Turns out, puberty could be to blame for why college students don’t love waking up for 7 a.m. classes.
According to a recent study, college students learn best when they’re at their optimal state of alertness, which is usually at 10 a.m. Even so, Cal Poly begins many of its classes at 7 a.m. This spring quarter, Cal Poly held 55 7 a.m. classes compared to 77 during Spring 2016, Associate Registrar Susan Olivas said in an email to Mustang News.
According to Olivas, classes are scheduled at 7 a.m. to accommodate as many as possible.
Study stats
Researchers Mariah Evans and Jonathan Kelley from University of Nevada, Reno and Paul Kelley from Open University in the United Kingdom found out why 10 a.m. is the sweet spot.
Their study concluded that biological changes that occur during adolescent years contribute to the shift in college students’ sleeping schedules.
“The crux of the matter in the temporal misalignment problem is that biological changes beginning in puberty shift wake and sleep times two to three hours later in the day,” the researchers said in their study.
Those biological changes involve melatonin, the hormone responsible for the onset of sleepiness. When an adolescent goes through puberty, melatonin’s release is delayed. With this prolonged onset, adolescents are more likely to stay up later because drowsiness hasn’t kicked in.
According to the study, the two- to three-hour delay of melatonin reaches its peak at 19 years old and doesn’t “revert” to a previous pattern until the mid-20s, the researchers wrote, citing a study from 2004.
“If you’re an adolescent, your sleep wake cycle is shifted relative to the rest of humanity with the exception of infants [and seniors],” psychology and child development professor Gary Laver said.

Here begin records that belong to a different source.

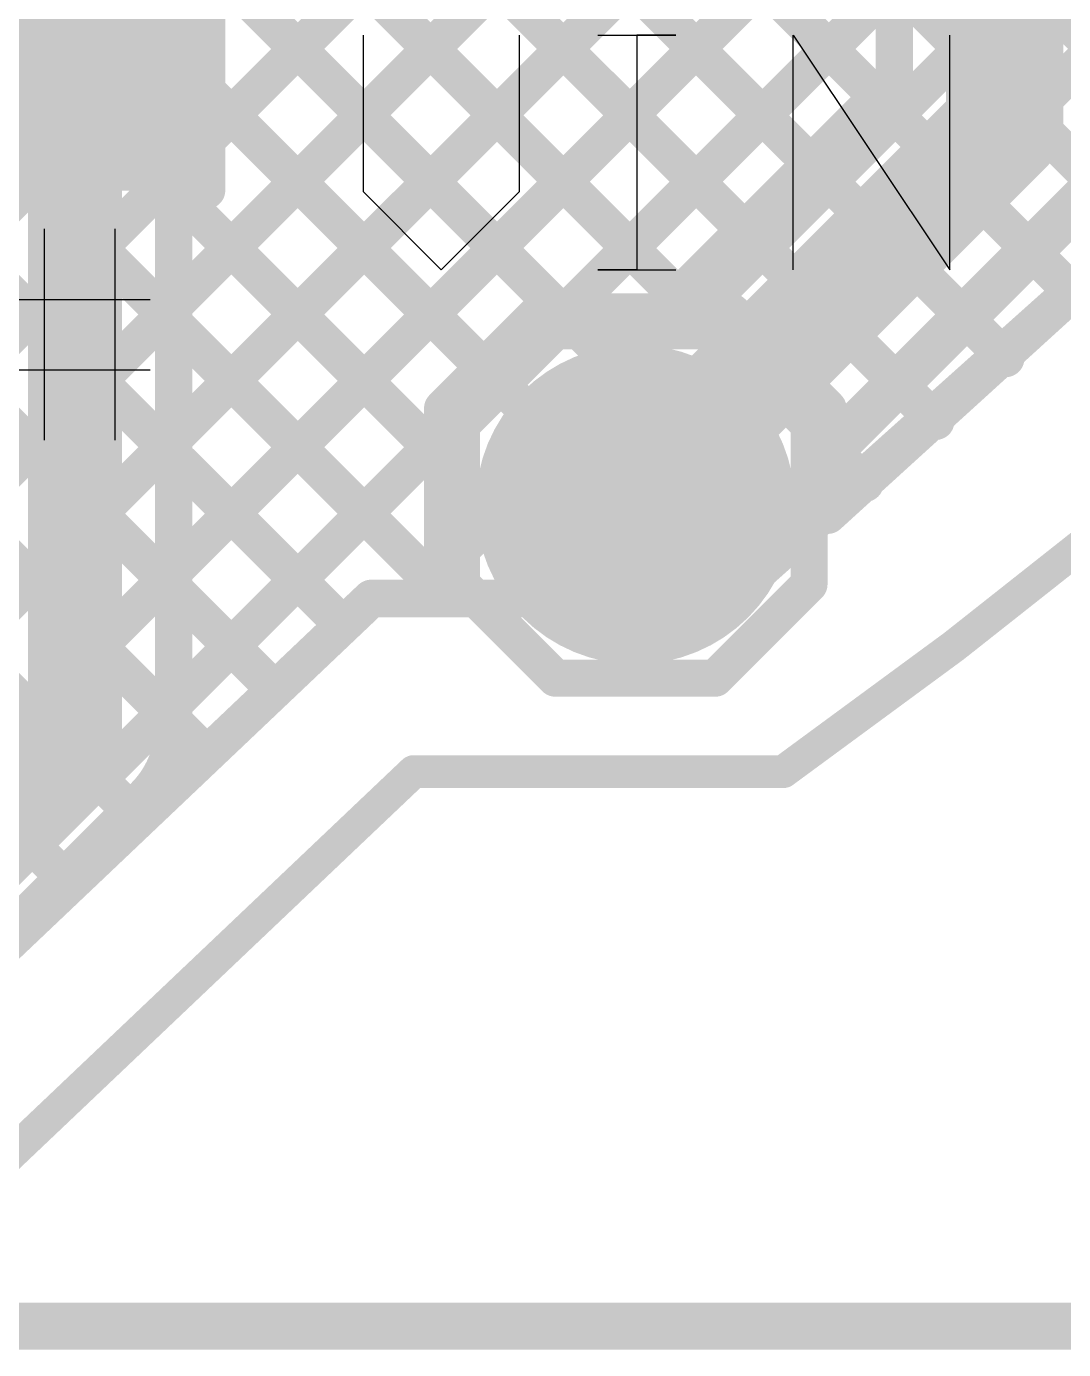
# Model space of a CAD drawing. Header units: millimetres. Extents: x 3.57 to 6.19, y 4.04 to 5.89.
# Drawn here: x 5.3587 to 5.5795, y 4.0363 to 4.3181 of the extents above; entities that cross this region are included whole.
import ezdxf

# ---------------------------------------------------------------- set-up
doc = ezdxf.new("R2010")
doc.units = ezdxf.units.MM
doc.header["$MEASUREMENT"] = 0
for name, color, linetype in [('BottomLayer', 5, 'Continuous'), ('BottomSolder', 6, 'Continuous'), ('Mechanical1', 6, 'Continuous'), ('Mechanical2', 216, 'Continuous'), ('MultiLayer', 9, 'Continuous'), ('TopLayer', 1, 'Continuous'), ('TopOverlay', 2, 'Continuous'), ('TopPaste', 8, 'Continuous'), ('TopSolder', 216, 'Continuous'), ('ViaHoleLayer', 16, 'Continuous')]:
    doc.layers.add(name, color=color, linetype=linetype)

# ---------------------------------------------------------------- blocks, each defined once
blk = doc.blocks.new('TEST_POINT_1')
at = {"layer": 'TopLayer', "const_width": 0.03}
blk.add_lwpolyline([(-0.015, 0, 1), (0.015, 0, 1)], format="xyb", close=True, dxfattribs=at)
at = {"layer": 'TopOverlay', "const_width": 0.00787}
for points in [[(-0.037, 0.017), (-0.017, 0.037)], [(-0.017, 0.037), (0.017, 0.037)], [(-0.017, 0.037), (0.017, 0.037)], [(0.017, 0.037), (0.037, 0.017)], [(-0.037, -0.017), (-0.037, 0.017)], [(0.037, -0.017), (0.037, 0.017)], [(-0.037, -0.017), (-0.017, -0.037)], [(0.017, -0.037), (0.037, -0.017)], [(-0.017, -0.037), (0.017, -0.037)], [(-0.017, -0.037), (0.017, -0.037)]]:
    blk.add_lwpolyline(points, dxfattribs=at)
at = {"layer": 'TopOverlay', "const_width": 0.00394}
for points in [[(-0.01897, 0.037, 1), (-0.01503, 0.037, 1)], [(-0.01897, 0.037, 1), (-0.01503, 0.037, 1)], [(-0.01897, 0.037, 1), (-0.01503, 0.037, 1)], [(0.01503, 0.037, 1), (0.01897, 0.037, 1)], [(0.01503, 0.037, 1), (0.01897, 0.037, 1)], [(0.01503, 0.037, 1), (0.01897, 0.037, 1)], [(-0.03897, 0.017, 1), (-0.03503, 0.017, 1)], [(-0.03897, 0.017, 1), (-0.03503, 0.017, 1)], [(0.03503, 0.017, 1), (0.03897, 0.017, 1)], [(0.03503, 0.017, 1), (0.03897, 0.017, 1)], [(-0.03897, -0.017, 1), (-0.03503, -0.017, 1)], [(-0.03897, -0.017, 1), (-0.03503, -0.017, 1)], [(0.03503, -0.017, 1), (0.03897, -0.017, 1)], [(0.03503, -0.017, 1), (0.03897, -0.017, 1)], [(-0.01897, -0.037, 1), (-0.01503, -0.037, 1)], [(-0.01897, -0.037, 1), (-0.01503, -0.037, 1)], [(-0.01897, -0.037, 1), (-0.01503, -0.037, 1)], [(0.01503, -0.037, 1), (0.01897, -0.037, 1)], [(0.01503, -0.037, 1), (0.01897, -0.037, 1)], [(0.01503, -0.037, 1), (0.01897, -0.037, 1)]]:
    blk.add_lwpolyline(points, format="xyb", close=True, dxfattribs=at)
at = {"layer": 'TopPaste', "const_width": 0.03}
blk.add_lwpolyline([(-0.015, 0, 1), (0.015, 0, 1)], format="xyb", close=True, dxfattribs=at)
at = {"layer": 'TopSolder', "const_width": 0.034}
blk.add_lwpolyline([(-0.017, 0, 1), (0.017, 0, 1)], format="xyb", close=True, dxfattribs=at)
blk = doc.blocks.new('BLM18AG121SN1D_34')
at = {"layer": 'TopLayer'}
for points in [[(-0.01575, -0.01701), (0.01575, -0.01701), (-0.01575, 0.01701), (0.01575, 0.01701)], [(0.03937, -0.01701), (0.07087, -0.01701), (0.03937, 0.01701), (0.07087, 0.01701)]]:
    blk.add_solid(points, dxfattribs=at)
at = {"layer": 'TopOverlay', "const_width": 0.01}
for points in [[(-0.022, -0.023), (-0.022, 0.023)], [(0.077, 0.023), (-0.022, 0.023)], [(0.077, -0.023), (0.077, 0.023)], [(0.077, -0.023), (-0.022, -0.023)]]:
    blk.add_lwpolyline(points, dxfattribs=at)
at = {"layer": 'TopOverlay', "const_width": 0.005}
for points in [[(-0.0245, 0.023, 1), (-0.0195, 0.023, 1)], [(-0.0245, 0.023, 1), (-0.0195, 0.023, 1)], [(0.0745, 0.023, 1), (0.0795, 0.023, 1)], [(0.0745, 0.023, 1), (0.0795, 0.023, 1)], [(-0.0245, -0.023, 1), (-0.0195, -0.023, 1)], [(-0.0245, -0.023, 1), (-0.0195, -0.023, 1)], [(0.0745, -0.023, 1), (0.0795, -0.023, 1)], [(0.0745, -0.023, 1), (0.0795, -0.023, 1)]]:
    blk.add_lwpolyline(points, format="xyb", close=True, dxfattribs=at)
at = {"layer": 'TopPaste'}
for points in [[(-0.01575, -0.01701), (0.01575, -0.01701), (-0.01575, 0.01701), (0.01575, 0.01701)], [(0.03937, -0.01701), (0.07087, -0.01701), (0.03937, 0.01701), (0.07087, 0.01701)]]:
    blk.add_solid(points, dxfattribs=at)
at = {"layer": 'TopSolder'}
for points in [[(-0.01975, -0.02101), (0.01975, -0.02101), (-0.01975, 0.02101), (0.01975, 0.02101)], [(0.03537, -0.02101), (0.07487, -0.02101), (0.03537, 0.02101), (0.07487, 0.02101)]]:
    blk.add_solid(points, dxfattribs=at)

msp = doc.modelspace()

# ---------------------------------------------------------------- linework, layer by layer
at = {"layer": 'BottomLayer'}
for points, const_width in [([(5.567, 4.29693), (5.567, 4.846)], 0.025), ([(5.5435, 4.30667), (5.5435, 4.816)], 0.008), ([(5.25271, 4.59022), (5.53988, 4.30305)], 0.008), ([(5.25271, 4.56193), (5.52574, 4.28891)], 0.008), ([(5.25271, 4.53365), (5.5116, 4.27476)], 0.008), ([(5.25271, 4.50536), (5.49745, 4.26062)], 0.008), ([(5.12579, 4.07928), (5.5435, 4.49698)], 0.008), ([(5.25271, 4.47708), (5.48331, 4.24648)], 0.008), ([(5.18857, 4.11376), (5.5435, 4.4687)], 0.008), ([(5.25271, 4.44879), (5.46937, 4.23214)], 0.008), ([(5.20718, 4.10409), (5.5435, 4.44041)], 0.008), ([(5.25271, 4.42051), (5.47695, 4.19628)], 0.008), ([(5.21162, 4.08025), (5.5435, 4.41213)], 0.008), ([(5.25271, 4.39223), (5.44866, 4.19628)], 0.008), ([(5.23893, 4.07928), (5.5435, 4.38384)], 0.008), ([(5.25271, 4.36394), (5.42609, 4.19057)], 0.008), ([(5.26722, 4.07928), (5.5435, 4.35556)], 0.008), ([(5.2955, 4.07928), (5.5435, 4.32727)], 0.008), ([(5.27431, 4.31406), (5.41158, 4.17679)], 0.008), ([(5.47173, 4.23489), (5.5435, 4.30667)], 0.008), ([(5.48834, 4.21828), (5.567, 4.29693)], 0.025), ([(5.27288, 4.28721), (5.39707, 4.16301)], 0.008), ([(5.50496, 4.20166), (5.5836, 4.2803)], 0.008), ([(5.26184, 4.26996), (5.38257, 4.14924)], 0.008), ([(5.57312, 4.26981), (5.58195, 4.26098)], 0.008), ([(5.2444, 4.25912), (5.36806, 4.13546)], 0.008), ([(5.55897, 4.25567), (5.56722, 4.24742)], 0.008), ([(5.54483, 4.24153), (5.55232, 4.23404)], 0.008), ([(5.53069, 4.22739), (5.53725, 4.22083)], 0.008), ([(5.44079, 4.19628), (5.46494, 4.22043)], 0.008), ([(5.51655, 4.21324), (5.522, 4.2078)], 0.008), ([(5.46907, 4.19628), (5.47315, 4.20035)], 0.008), ([(5.50221, 4.1993), (5.50523, 4.19628)], 0.008), ([(5.3089, 4.07928), (5.4321, 4.19628)], 0.008), ([(5.4321, 4.19628), (5.48008, 4.19628)], 0.008), ([(5.4966, 4.19628), (5.50819, 4.19628)], 0.008)]:
    msp.add_lwpolyline(points, dxfattribs=dict(at, const_width=const_width))
at = {"layer": 'BottomLayer', "const_width": 0.008}
for points in [[(5.85187, 4.58864, -0.080996), (5.50819, 4.19628)], [(5.48008, 4.19628, -0.545326), (5.47173, 4.23489)], [(5.50496, 4.20166, -0.106954), (5.4966, 4.19628)]]:
    msp.add_lwpolyline(points, format="xyb", dxfattribs=at)
at = {"layer": 'BottomLayer'}
for points, const_width in [([(5.5415, 4.30667, 1), (5.5455, 4.30667, 1)], 0.004), ([(5.5415, 4.30667, 1), (5.5455, 4.30667, 1)], 0.004), ([(5.53788, 4.30305, 1), (5.54188, 4.30305, 1)], 0.004), ([(5.56075, 4.29693, 1), (5.57325, 4.29693, 1)], 0.0125), ([(5.56075, 4.29693, 1), (5.57325, 4.29693, 1)], 0.0125), ([(5.52374, 4.28891, 1), (5.52774, 4.28891, 1)], 0.004), ([(5.5096, 4.27476, 1), (5.5136, 4.27476, 1)], 0.004), ([(5.57112, 4.26981, 1), (5.57512, 4.26981, 1)], 0.004), ([(5.49545, 4.26062, 1), (5.49945, 4.26062, 1)], 0.004), ([(5.57995, 4.26098, 1), (5.58395, 4.26098, 1)], 0.004), ([(5.55697, 4.25567, 1), (5.56097, 4.25567, 1)], 0.004), ([(5.48131, 4.24648, 1), (5.48531, 4.24648, 1)], 0.004), ([(5.56522, 4.24742, 1), (5.56922, 4.24742, 1)], 0.004), ([(5.54283, 4.24153, 1), (5.54683, 4.24153, 1)], 0.004), ([(5.46973, 4.23489, 1), (5.47373, 4.23489, 1)], 0.004), ([(5.46973, 4.23489, 1), (5.47373, 4.23489, 1)], 0.004), ([(5.55032, 4.23404, 1), (5.55432, 4.23404, 1)], 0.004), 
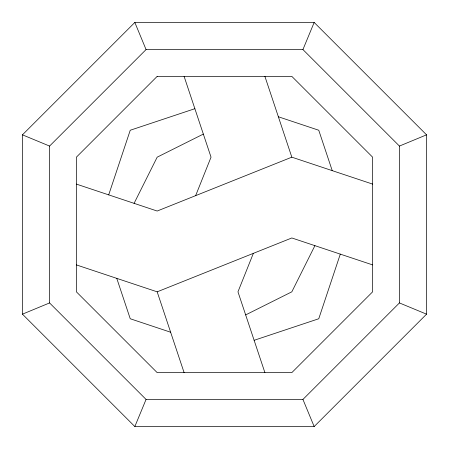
<?xml version="1.0" encoding="UTF-8"?>
<svg xmlns="http://www.w3.org/2000/svg" width="449" height="449" viewBox="0 0 449 449"><rect width="100%" height="100%" fill="white"/><g stroke="black" fill="none" stroke-linecap="round" stroke-linejoin="round"><path stroke-width="0.67" d="M108.697 194.877L130.244 130.244L194.877 108.697M340.303 254.123L318.756 318.756L254.123 340.303M195.646 195.646L211.036 157.172L184.101 76.381M253.354 253.354L237.964 291.828L264.899 372.619M134.835 426.55L314.165 426.55L426.55 314.165L426.55 134.835L314.165 22.45L134.835 22.45L22.45 134.835L22.45 314.165L134.835 426.55L146.065 399.43L302.935 399.43L399.43 302.935L399.43 146.065L302.935 49.57L146.065 49.57L49.57 146.065L49.57 302.935L146.065 399.43M302.935 49.57L314.165 22.45M134.088 203.341L157.172 157.172L203.341 134.088M314.912 245.659L291.828 291.828L245.659 314.912M399.43 146.065L426.55 134.835M22.45 314.165L49.57 302.935M372.619 184.101L291.828 157.172L157.172 211.036L76.381 184.101M76.381 264.899L157.172 291.828L291.828 237.964L372.619 264.899M278.363 116.774L318.756 130.244L332.226 170.637M170.637 332.226L130.244 318.756L116.774 278.363M22.45 134.835L49.57 146.065M399.43 302.935L426.55 314.165M302.935 399.43L314.165 426.55M134.835 22.45L146.065 49.57M264.899 76.381L291.828 157.172M157.172 291.828L184.101 372.619M157.172 76.381L76.381 157.172L76.381 291.828L157.172 372.619L291.828 372.619L372.619 291.828L372.619 157.172L291.828 76.381L157.172 76.381"/></g></svg>
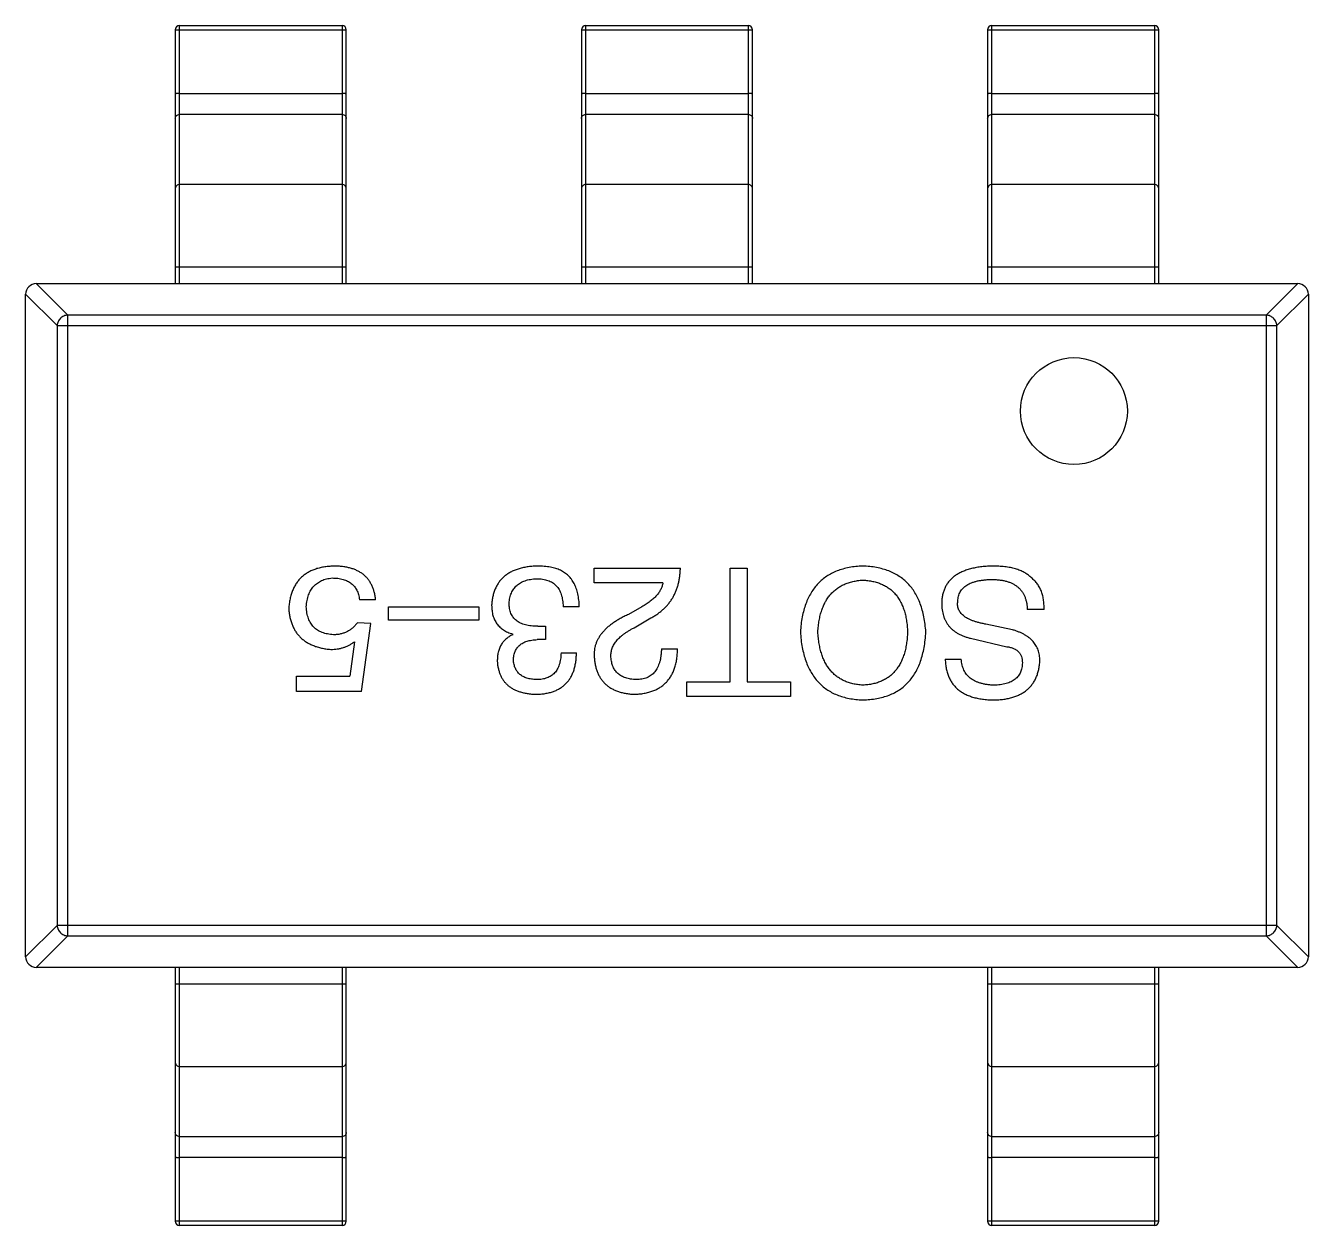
# Model space of a CAD drawing. Header units: millimetres. Extents: x 563 to 681, y 173 to 284.
# Drawn here: x 656.965 to 659.965, y 184.552 to 187.359 of the extents above; entities that cross this region are included whole.
import ezdxf

# ---------------------------------------------------------------- set-up
doc = ezdxf.new("R2010")
doc.units = ezdxf.units.MM
doc.header["$LTSCALE"] = 30.734
doc.layers.get('0').update_dxf_attribs({"linetype": 'CONTINUOUS'})

msp = doc.modelspace()

# ---------------------------------------------------------------- linework, layer by layer
at = {"linetype": 'Continuous'}
for p, q in [((657.3248, 187.3587), (657.7048, 187.3587)), ((657.3248, 186.7553), (657.3248, 187.3587)), ((657.7048, 187.3587), (657.7048, 186.7553)), ((658.2748, 187.3587), (658.6548, 187.3587)), ((658.2748, 186.7553), (658.2748, 187.3587)), ((658.6548, 187.3587), (658.6548, 186.7553)), ((659.2248, 187.3587), (659.6048, 187.3587)), ((659.2248, 186.7553), (659.2248, 187.3587)), ((659.6048, 187.3587), (659.6048, 186.7553)), ((657.3148, 187.3487), (657.3148, 186.7553)), ((657.3248, 187.3493), (657.7048, 187.3493)), ((657.7148, 186.7553), (657.7148, 187.3487)), ((658.2648, 187.3487), (658.2648, 186.7553)), ((658.2748, 187.3493), (658.6548, 187.3493)), ((658.6648, 186.7553), (658.6648, 187.3487)), ((659.2148, 187.3487), (659.2148, 186.7553)), ((659.2248, 187.3493), (659.6048, 187.3493)), ((659.6148, 186.7553), (659.6148, 187.3487)), ((657.3248, 187.1998), (657.7048, 187.1998)), ((658.2748, 187.1998), (658.6548, 187.1998)), ((659.2248, 187.1998), (659.6048, 187.1998)), ((657.7048, 187.151), (657.3248, 187.151)), ((658.6548, 187.151), (658.2748, 187.151)), ((659.6048, 187.151), (659.2248, 187.151)), ((657.7048, 186.9869), (657.3248, 186.9869)), ((658.6548, 186.9869), (658.2748, 186.9869)), ((659.6048, 186.9869), (659.2248, 186.9869)), ((657.3148, 186.7943), (657.7148, 186.7943)), ((658.2648, 186.7943), (658.6648, 186.7943)), ((659.2148, 186.7943), (659.6148, 186.7943)), ((657.0632, 186.6815), (656.9894, 186.7553)), ((656.9898, 186.7553), (659.9398, 186.7553)), ((659.9403, 186.7553), (659.8665, 186.6815)), ((656.9648, 186.7308), (657.0386, 186.657)), ((656.9648, 185.1803), (656.9648, 186.7303)), ((659.891, 186.657), (659.9648, 186.7308)), ((659.9648, 186.7303), (659.9648, 185.1803)), ((659.8665, 186.6815), (657.0632, 186.6815)), ((657.0632, 185.2291), (657.0632, 186.6815)), ((659.8665, 186.6815), (659.8665, 185.2291)), ((657.0386, 186.657), (659.891, 186.657)), ((657.0386, 186.657), (657.0386, 185.2537)), ((659.891, 185.2537), (659.891, 186.657)), ((658.2945, 186.0894), (658.4961, 186.0894)), ((658.2945, 186.055), (658.2945, 186.0894)), ((658.6126, 186.0894), (658.652, 186.0894)), ((658.6126, 185.8239), (658.6126, 186.0894)), ((658.652, 186.0894), (658.652, 185.8239)), ((658.4551, 186.055), (658.2945, 186.055)), ((657.7833, 186.0157), (657.7456, 186.0157)), ((657.8134, 185.9993), (658.0249, 185.9993)), ((657.8134, 185.9681), (657.8134, 185.9993)), ((658.0249, 185.9993), (658.0249, 185.9681)), ((658.2597, 185.9993), (658.222, 185.9993)), ((658.4059, 185.9993), (658.3748, 185.9812)), ((658.3879, 185.9501), (658.4272, 185.973)), ((659.3467, 185.9927), (659.3073, 185.9927)), ((657.7719, 185.9599), (657.7407, 185.9616)), ((657.7506, 185.8009), (657.7719, 185.9599)), ((658.0249, 185.9681), (657.8134, 185.9681)), ((658.1629, 185.9534), (658.181, 185.9534)), ((658.181, 185.9534), (658.181, 185.9222)), ((659.2729, 185.9452), (659.2106, 185.9583)), ((657.7342, 185.9173), (657.7227, 185.837)), ((658.1039, 185.9337), (658.1039, 185.9353)), ((658.181, 185.9222), (658.1613, 185.9222)), ((659.1745, 185.9255), (659.2598, 185.9058)), ((658.217, 185.8911), (658.2531, 185.8911)), ((658.4518, 185.9009), (658.4895, 185.9009)), ((659.1155, 185.8763), (659.1532, 185.8763)), ((657.5981, 185.837), (657.7227, 185.837)), ((657.5981, 185.8009), (657.5981, 185.837)), ((658.511, 185.8239), (658.6126, 185.8239)), ((658.511, 185.7894), (658.511, 185.8239)), ((658.652, 185.8239), (658.7536, 185.8239)), ((658.7536, 185.8239), (658.7536, 185.7894)), ((657.7506, 185.8009), (657.5981, 185.8009)), ((658.7536, 185.7894), (658.511, 185.7894)), ((657.0386, 185.2537), (656.9648, 185.1799)), ((659.891, 185.2537), (657.0386, 185.2537)), ((659.9648, 185.1799), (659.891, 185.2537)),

Because college students tend to stay awake in the later hours, it means they go to bed later. In turn, they need more time to sleep before their 7 a.m. class. Even so, the California State University (CSU) system does not have a policy regarding class start times, according to CSU spokeswoman Elizabeth Chapin.
Cal Poly has a history of holding classes at 7 a.m. dating back to the 1980s, and possibly before, Olivas said.
Amid the absence of a time-sensitive schedule for classes, the 190 students surveyed in the study reported feeling at their best around 10 a.m. From that hour on, their optimal functioning points stay positive as the clock ticks into the afternoon. But, when the evening hours creep up, students reported a decline in their performance at 9 p.m. and 10 p.m. They reported feeling even worse as the time approaches midnight and a further decline after 2 a.m.
Even so, the delay in melatonin could leave students wide awake even after their first signs of decline at 9 p.m.
Does that mean students learn better even at 9 p.m. or 10 p.m. at night when they’re supposedly up and about?
Not necessarily.
“Alertness depends on homeostatic pressure, which is a linear function that says, ‘The longer you’ve been awake, the more tired you are,’” assistant professor of psychology and child development Kelly Bennion said. “That said, having late night classes is not best for students.”
Generally speaking, a 24-hour day consists of 16 hours awake and eight hours asleep, according to Laver.
For college students, 24-hour days look only slightly different from their younger and older counterparts because they start later. That is, provided they’re waking up at later times.
Their days might start at 9 a.m. on the weekend if they go to sleep at 1 a.m. Even so, they still follow the 24-hour day like the person who wakes up at 6 a.m. and goes to sleep at 10 p.m
“College students are in a completely different time zone than older adults,” Bennion said. “I tell parents that it shouldn’t be any surprise that their teenager is grumpy at 6 a.m.”
Bennion said considering the hours in which college students go to sleep, beginning class at 9 a.m. would be an optimal starting time.